-------- THE DATA

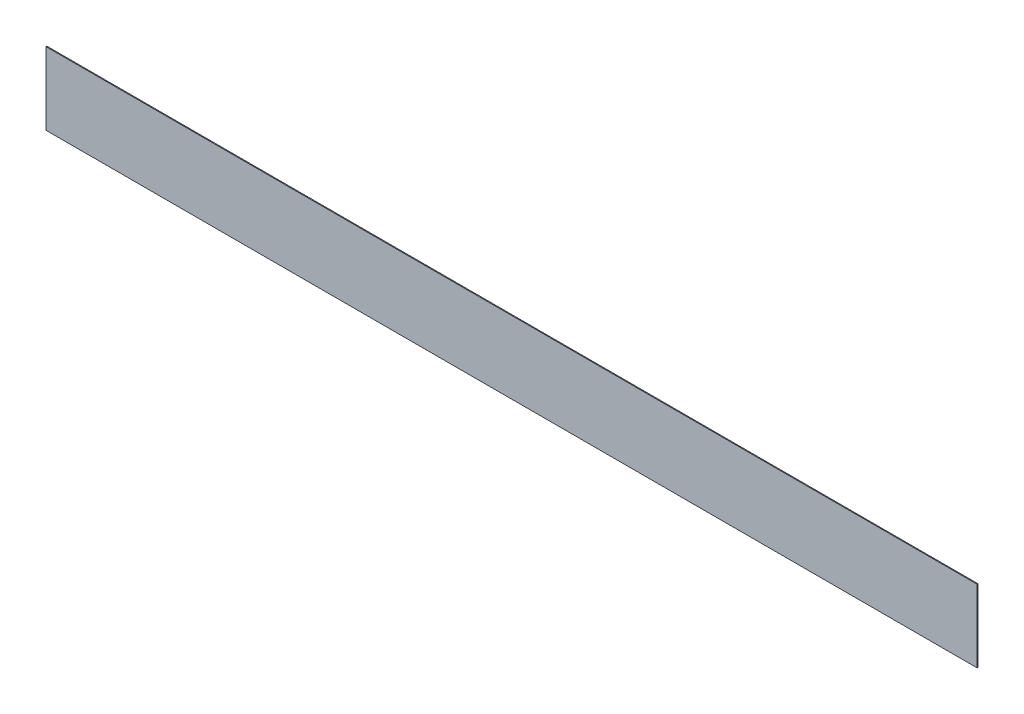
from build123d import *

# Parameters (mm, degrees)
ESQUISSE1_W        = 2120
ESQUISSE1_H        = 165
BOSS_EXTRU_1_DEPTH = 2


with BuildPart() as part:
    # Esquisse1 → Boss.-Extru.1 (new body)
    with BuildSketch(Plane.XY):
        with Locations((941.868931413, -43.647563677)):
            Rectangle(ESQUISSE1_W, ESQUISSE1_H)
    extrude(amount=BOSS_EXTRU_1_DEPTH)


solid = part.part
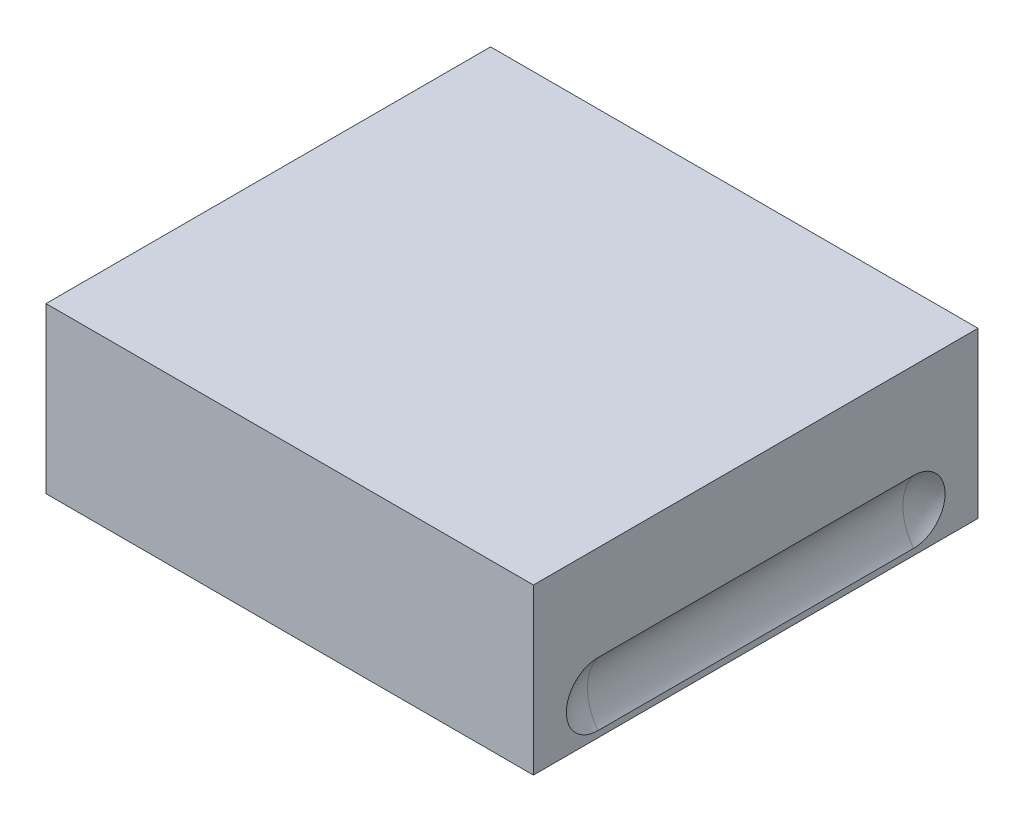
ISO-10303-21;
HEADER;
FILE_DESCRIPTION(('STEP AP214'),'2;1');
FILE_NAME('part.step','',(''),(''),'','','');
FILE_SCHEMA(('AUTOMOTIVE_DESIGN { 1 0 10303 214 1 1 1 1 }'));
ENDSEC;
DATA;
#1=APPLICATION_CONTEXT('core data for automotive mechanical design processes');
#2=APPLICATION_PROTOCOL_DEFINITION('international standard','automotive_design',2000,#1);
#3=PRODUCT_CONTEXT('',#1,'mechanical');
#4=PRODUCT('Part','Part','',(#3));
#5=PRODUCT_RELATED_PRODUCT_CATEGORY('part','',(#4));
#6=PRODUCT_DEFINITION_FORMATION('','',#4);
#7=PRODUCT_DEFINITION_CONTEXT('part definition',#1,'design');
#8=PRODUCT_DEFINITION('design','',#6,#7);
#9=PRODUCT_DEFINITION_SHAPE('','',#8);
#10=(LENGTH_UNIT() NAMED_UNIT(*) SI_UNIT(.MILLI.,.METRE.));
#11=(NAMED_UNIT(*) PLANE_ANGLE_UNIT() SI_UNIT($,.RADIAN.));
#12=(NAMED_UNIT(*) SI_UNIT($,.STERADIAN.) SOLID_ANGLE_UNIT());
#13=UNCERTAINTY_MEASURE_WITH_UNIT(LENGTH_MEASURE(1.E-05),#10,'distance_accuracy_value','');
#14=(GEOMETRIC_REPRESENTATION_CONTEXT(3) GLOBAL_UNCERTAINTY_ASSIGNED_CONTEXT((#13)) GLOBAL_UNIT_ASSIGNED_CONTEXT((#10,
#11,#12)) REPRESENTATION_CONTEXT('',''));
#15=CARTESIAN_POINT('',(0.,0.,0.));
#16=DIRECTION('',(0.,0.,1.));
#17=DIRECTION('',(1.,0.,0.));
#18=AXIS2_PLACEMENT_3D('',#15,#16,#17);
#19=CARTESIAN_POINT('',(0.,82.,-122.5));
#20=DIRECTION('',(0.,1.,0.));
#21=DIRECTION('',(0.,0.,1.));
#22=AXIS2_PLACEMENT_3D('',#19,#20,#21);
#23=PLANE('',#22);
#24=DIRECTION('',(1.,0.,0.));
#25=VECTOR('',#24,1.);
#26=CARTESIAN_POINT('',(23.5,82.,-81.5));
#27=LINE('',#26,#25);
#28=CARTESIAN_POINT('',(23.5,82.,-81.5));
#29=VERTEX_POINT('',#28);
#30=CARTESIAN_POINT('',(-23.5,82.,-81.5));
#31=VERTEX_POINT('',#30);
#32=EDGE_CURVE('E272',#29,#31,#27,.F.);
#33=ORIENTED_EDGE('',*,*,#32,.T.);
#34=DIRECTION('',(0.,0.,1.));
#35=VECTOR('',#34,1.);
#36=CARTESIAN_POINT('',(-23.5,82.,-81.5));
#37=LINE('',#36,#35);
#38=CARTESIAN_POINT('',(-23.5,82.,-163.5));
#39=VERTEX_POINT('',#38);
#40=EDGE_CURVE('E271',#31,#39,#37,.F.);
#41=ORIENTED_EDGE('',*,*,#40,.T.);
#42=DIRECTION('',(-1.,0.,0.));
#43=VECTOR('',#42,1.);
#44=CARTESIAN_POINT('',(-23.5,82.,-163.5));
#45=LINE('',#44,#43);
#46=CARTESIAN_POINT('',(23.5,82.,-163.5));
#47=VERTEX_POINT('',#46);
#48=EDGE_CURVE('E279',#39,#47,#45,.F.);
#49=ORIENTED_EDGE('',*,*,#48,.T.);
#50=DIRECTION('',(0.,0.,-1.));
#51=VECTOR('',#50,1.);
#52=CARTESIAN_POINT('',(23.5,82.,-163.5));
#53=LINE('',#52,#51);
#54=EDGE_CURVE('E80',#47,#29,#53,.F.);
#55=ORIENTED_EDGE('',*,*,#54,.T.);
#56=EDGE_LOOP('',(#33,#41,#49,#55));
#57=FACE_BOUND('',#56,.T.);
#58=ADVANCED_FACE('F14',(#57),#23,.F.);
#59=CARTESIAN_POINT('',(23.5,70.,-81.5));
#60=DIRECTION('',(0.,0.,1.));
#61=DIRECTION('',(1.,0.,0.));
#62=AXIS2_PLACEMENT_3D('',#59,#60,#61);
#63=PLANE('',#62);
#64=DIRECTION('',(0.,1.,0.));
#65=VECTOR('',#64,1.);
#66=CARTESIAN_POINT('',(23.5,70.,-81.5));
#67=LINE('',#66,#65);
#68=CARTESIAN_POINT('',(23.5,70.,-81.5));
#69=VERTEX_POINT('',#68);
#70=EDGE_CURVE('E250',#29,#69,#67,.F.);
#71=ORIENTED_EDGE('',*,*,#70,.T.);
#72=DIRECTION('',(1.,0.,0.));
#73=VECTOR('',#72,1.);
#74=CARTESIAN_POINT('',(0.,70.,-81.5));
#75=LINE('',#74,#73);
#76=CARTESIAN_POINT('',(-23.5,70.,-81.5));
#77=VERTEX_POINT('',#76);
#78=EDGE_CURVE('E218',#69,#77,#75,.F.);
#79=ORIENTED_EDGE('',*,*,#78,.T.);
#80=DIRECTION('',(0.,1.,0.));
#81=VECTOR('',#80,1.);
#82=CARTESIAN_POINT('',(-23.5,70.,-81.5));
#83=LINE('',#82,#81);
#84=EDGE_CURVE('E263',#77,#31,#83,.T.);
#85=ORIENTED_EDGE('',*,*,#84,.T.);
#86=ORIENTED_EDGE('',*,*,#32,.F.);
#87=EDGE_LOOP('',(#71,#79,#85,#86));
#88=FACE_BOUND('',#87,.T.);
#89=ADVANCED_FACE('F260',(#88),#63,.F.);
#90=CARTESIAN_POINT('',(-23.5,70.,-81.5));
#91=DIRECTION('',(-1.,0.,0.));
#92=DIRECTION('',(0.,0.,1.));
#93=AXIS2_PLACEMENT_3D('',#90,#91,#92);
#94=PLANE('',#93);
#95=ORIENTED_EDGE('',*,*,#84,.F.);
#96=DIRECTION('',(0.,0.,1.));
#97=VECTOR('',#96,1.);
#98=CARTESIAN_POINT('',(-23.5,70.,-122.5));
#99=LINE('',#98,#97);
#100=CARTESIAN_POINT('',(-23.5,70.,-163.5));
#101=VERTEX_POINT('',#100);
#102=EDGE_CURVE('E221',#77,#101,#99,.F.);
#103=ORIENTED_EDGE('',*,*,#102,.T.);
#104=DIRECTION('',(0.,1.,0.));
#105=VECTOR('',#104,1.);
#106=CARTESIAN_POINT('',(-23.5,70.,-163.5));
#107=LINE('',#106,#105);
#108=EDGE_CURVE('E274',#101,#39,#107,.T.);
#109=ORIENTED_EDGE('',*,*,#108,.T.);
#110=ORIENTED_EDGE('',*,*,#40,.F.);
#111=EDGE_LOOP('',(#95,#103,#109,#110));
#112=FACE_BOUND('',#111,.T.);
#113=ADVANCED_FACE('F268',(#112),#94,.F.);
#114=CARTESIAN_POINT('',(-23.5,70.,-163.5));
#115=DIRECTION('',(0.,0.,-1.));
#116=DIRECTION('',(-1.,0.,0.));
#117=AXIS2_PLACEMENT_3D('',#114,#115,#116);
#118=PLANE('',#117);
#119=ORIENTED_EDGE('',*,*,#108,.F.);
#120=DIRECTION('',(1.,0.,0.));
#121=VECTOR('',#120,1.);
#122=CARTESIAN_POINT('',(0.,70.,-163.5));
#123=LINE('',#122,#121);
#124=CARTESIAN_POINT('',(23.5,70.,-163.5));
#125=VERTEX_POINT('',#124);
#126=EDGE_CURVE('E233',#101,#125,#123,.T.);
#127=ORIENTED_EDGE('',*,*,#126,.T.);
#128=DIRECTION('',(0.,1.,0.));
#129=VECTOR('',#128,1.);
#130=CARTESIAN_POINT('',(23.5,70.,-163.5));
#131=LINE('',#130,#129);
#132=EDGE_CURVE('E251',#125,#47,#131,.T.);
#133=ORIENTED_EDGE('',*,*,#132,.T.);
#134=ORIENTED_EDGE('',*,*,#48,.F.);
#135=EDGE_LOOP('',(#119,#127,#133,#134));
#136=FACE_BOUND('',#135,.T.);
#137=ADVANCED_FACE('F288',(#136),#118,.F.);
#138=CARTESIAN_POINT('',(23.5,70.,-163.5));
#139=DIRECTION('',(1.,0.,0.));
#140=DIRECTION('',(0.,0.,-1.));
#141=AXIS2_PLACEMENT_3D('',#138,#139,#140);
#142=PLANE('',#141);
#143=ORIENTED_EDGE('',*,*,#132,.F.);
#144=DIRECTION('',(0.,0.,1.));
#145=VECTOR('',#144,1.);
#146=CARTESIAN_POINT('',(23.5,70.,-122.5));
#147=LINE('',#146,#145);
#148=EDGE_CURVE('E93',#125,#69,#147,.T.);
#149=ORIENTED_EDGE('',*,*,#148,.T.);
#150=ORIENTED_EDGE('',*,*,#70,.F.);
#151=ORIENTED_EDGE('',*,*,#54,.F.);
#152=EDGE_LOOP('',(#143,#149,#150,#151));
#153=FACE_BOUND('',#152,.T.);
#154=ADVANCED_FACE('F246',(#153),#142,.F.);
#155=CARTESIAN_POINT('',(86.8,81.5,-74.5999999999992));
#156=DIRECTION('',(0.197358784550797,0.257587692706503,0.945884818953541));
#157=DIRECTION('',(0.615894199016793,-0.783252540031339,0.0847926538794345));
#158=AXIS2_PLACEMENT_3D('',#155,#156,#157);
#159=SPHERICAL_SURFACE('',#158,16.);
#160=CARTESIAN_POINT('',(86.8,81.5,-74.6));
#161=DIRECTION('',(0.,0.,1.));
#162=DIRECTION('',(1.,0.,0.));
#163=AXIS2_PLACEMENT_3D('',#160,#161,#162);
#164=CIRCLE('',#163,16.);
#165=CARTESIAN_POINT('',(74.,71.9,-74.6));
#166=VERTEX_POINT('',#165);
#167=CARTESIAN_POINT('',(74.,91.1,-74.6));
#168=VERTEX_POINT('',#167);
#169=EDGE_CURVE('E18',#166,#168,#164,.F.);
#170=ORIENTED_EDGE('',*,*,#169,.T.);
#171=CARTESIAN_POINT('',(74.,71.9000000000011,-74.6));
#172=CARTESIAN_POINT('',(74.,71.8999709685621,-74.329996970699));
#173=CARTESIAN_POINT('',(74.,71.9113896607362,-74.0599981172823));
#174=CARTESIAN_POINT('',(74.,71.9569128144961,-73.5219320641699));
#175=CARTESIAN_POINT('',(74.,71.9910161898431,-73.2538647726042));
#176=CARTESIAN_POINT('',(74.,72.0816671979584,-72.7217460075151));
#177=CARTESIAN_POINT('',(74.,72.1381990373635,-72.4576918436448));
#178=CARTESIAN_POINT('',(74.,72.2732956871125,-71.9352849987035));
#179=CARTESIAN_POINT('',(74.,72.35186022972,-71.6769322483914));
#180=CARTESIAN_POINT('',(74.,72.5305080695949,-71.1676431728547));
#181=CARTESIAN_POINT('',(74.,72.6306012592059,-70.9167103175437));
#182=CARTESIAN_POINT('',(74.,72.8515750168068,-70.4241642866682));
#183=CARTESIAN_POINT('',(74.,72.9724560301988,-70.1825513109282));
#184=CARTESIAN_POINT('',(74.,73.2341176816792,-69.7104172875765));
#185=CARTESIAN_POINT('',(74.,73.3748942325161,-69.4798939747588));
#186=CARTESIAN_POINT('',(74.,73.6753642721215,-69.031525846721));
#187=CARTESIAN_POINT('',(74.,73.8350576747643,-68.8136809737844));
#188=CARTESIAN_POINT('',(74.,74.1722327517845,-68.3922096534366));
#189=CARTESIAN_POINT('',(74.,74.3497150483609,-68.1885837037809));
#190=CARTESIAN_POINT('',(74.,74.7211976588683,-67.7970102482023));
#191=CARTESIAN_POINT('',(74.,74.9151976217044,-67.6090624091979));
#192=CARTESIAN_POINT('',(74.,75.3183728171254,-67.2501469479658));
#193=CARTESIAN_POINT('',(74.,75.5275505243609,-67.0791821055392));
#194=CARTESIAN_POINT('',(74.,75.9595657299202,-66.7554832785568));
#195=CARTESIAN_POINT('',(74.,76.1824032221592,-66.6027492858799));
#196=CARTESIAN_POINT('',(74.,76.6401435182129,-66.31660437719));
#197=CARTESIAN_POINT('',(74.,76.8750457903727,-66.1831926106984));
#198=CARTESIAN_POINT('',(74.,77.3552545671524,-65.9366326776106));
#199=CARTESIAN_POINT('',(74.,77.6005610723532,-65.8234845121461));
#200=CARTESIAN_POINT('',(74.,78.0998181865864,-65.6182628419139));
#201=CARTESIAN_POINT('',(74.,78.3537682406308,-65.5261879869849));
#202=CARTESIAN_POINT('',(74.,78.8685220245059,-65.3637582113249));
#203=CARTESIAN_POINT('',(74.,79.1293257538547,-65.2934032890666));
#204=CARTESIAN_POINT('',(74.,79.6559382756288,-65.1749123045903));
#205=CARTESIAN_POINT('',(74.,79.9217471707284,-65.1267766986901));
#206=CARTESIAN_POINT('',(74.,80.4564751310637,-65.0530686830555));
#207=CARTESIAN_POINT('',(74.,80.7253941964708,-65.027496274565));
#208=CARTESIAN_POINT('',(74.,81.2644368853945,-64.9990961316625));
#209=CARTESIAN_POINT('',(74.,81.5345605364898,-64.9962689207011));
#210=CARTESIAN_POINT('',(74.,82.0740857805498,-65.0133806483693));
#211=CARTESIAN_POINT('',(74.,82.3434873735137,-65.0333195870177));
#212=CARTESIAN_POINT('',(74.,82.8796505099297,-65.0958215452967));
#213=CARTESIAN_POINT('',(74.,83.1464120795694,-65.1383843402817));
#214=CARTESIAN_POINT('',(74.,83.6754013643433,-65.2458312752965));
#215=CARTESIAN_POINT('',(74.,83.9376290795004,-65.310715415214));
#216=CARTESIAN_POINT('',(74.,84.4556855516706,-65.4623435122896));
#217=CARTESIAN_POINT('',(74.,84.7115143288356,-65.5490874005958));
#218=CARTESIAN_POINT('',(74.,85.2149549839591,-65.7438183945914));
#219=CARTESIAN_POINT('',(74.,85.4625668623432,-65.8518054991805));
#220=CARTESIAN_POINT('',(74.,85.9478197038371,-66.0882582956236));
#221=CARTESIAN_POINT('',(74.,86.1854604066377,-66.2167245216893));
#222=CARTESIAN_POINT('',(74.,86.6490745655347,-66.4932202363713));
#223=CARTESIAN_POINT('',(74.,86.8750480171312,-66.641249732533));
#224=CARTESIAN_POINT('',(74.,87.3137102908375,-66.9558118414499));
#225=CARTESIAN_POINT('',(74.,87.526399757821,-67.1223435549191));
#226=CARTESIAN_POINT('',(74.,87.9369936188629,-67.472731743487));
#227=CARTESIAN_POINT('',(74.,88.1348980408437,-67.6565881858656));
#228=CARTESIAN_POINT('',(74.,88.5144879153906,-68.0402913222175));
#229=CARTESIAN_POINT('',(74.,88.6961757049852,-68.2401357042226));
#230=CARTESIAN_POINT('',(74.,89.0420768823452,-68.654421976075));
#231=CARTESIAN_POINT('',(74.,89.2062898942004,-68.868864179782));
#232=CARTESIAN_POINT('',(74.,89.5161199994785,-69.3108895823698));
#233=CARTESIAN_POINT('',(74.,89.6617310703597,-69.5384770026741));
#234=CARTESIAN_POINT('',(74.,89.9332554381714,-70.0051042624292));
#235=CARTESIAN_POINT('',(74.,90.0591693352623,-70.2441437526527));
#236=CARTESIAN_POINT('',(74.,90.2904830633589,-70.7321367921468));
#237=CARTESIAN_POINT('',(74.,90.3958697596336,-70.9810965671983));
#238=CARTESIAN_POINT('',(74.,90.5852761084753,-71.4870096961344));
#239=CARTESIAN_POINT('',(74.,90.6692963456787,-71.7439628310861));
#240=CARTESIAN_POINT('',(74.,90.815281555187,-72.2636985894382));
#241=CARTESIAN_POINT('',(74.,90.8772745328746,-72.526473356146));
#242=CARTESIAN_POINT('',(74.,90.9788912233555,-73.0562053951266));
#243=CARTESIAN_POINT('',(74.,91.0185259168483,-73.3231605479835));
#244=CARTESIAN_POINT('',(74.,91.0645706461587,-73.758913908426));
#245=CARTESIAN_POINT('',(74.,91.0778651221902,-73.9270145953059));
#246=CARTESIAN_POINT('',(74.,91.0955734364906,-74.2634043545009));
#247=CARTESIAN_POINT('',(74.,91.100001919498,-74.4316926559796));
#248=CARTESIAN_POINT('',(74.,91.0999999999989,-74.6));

----------------

*WHAT TO DO*
All that should be written out is the stretch of lines above between the one holding "#103=ORIENTED_EDGE('',*,*,#102,.T.);" and the one holding "#155=CARTESIAN_POINT('',(86.8,81.5,-74.5999999999992));", inclusive, exactly as given.

*RESULT OF THIS TASK*
#103=ORIENTED_EDGE('',*,*,#102,.T.);
#104=DIRECTION('',(0.,1.,0.));
#105=VECTOR('',#104,1.);
#106=CARTESIAN_POINT('',(-23.5,70.,-163.5));
#107=LINE('',#106,#105);
#108=EDGE_CURVE('E274',#101,#39,#107,.T.);
#109=ORIENTED_EDGE('',*,*,#108,.T.);
#110=ORIENTED_EDGE('',*,*,#40,.F.);
#111=EDGE_LOOP('',(#95,#103,#109,#110));
#112=FACE_BOUND('',#111,.T.);
#113=ADVANCED_FACE('F268',(#112),#94,.F.);
#114=CARTESIAN_POINT('',(-23.5,70.,-163.5));
#115=DIRECTION('',(0.,0.,-1.));
#116=DIRECTION('',(-1.,0.,0.));
#117=AXIS2_PLACEMENT_3D('',#114,#115,#116);
#118=PLANE('',#117);
#119=ORIENTED_EDGE('',*,*,#108,.F.);
#120=DIRECTION('',(1.,0.,0.));
#121=VECTOR('',#120,1.);
#122=CARTESIAN_POINT('',(0.,70.,-163.5));
#123=LINE('',#122,#121);
#124=CARTESIAN_POINT('',(23.5,70.,-163.5));
#125=VERTEX_POINT('',#124);
#126=EDGE_CURVE('E233',#101,#125,#123,.T.);
#127=ORIENTED_EDGE('',*,*,#126,.T.);
#128=DIRECTION('',(0.,1.,0.));
#129=VECTOR('',#128,1.);
#130=CARTESIAN_POINT('',(23.5,70.,-163.5));
#131=LINE('',#130,#129);
#132=EDGE_CURVE('E251',#125,#47,#131,.T.);
#133=ORIENTED_EDGE('',*,*,#132,.T.);
#134=ORIENTED_EDGE('',*,*,#48,.F.);
#135=EDGE_LOOP('',(#119,#127,#133,#134));
#136=FACE_BOUND('',#135,.T.);
#137=ADVANCED_FACE('F288',(#136),#118,.F.);
#138=CARTESIAN_POINT('',(23.5,70.,-163.5));
#139=DIRECTION('',(1.,0.,0.));
#140=DIRECTION('',(0.,0.,-1.));
#141=AXIS2_PLACEMENT_3D('',#138,#139,#140);
#142=PLANE('',#141);
#143=ORIENTED_EDGE('',*,*,#132,.F.);
#144=DIRECTION('',(0.,0.,1.));
#145=VECTOR('',#144,1.);
#146=CARTESIAN_POINT('',(23.5,70.,-122.5));
#147=LINE('',#146,#145);
#148=EDGE_CURVE('E93',#125,#69,#147,.T.);
#149=ORIENTED_EDGE('',*,*,#148,.T.);
#150=ORIENTED_EDGE('',*,*,#70,.F.);
#151=ORIENTED_EDGE('',*,*,#54,.F.);
#152=EDGE_LOOP('',(#143,#149,#150,#151));
#153=FACE_BOUND('',#152,.T.);
#154=ADVANCED_FACE('F246',(#153),#142,.F.);
#155=CARTESIAN_POINT('',(86.8,81.5,-74.5999999999992));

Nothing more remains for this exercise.